Unsteady solute dispersion of electro-osmotic flow of micropolar fluid in a rectangular microchannel

Abstract

This study scrutinizes the two-dimensional concentration distribution for a solute cloud containing a micropolar fluid in a rectangular microchannel under the influence of an applied electric field. The concentration distribution is obtained up to second order approximation using Mei's homogenization method. Analytical formulas are derived for dispersion coefficient, mean and two-dimensional concentration distributions. This study also includes the analytical expressions for electric potential, velocity, and microrotation profiles. This study discusses the impact of coupling number, couple stress parameter, electric double layer thickness, and Péclet number on solute concentration distribution. The results of fluid velocity and dispersion coefficient are validated with available works in the literature.

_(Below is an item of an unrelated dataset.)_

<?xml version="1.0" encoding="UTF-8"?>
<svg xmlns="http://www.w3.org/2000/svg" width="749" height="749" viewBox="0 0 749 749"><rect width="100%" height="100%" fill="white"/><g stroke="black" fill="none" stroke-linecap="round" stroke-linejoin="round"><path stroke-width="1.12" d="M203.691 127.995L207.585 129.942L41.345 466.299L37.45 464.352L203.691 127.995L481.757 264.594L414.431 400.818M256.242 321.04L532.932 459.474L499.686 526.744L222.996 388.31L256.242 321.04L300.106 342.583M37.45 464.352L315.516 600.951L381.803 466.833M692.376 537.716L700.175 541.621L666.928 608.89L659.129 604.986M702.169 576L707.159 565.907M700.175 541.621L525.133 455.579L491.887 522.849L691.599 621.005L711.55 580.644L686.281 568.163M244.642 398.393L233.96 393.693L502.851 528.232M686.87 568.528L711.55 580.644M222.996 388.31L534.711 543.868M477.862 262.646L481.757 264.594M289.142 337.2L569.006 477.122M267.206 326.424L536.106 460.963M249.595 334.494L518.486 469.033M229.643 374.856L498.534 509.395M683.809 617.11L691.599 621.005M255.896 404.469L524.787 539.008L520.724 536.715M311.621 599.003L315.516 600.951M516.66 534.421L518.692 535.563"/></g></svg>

The non-Newtonian parameter and electric double layer thickness are shown to have a significant impact on dispersion. Our study reveals that concentration distribution rises but spreading of solute reduces when the coupling number increases. This is also true when the Debye length decreases. It is also obtained that the solute spreads more in the Newtonian fluid case compared to the micropolar fluid case. Finally, coupling number and electric double layer thickness show a symmetric pattern to the indicator function for the transverse concentration variation rate. The findings of this work have broad implications in deoxyribonucleic acid analysis, chemical mixing, and separation.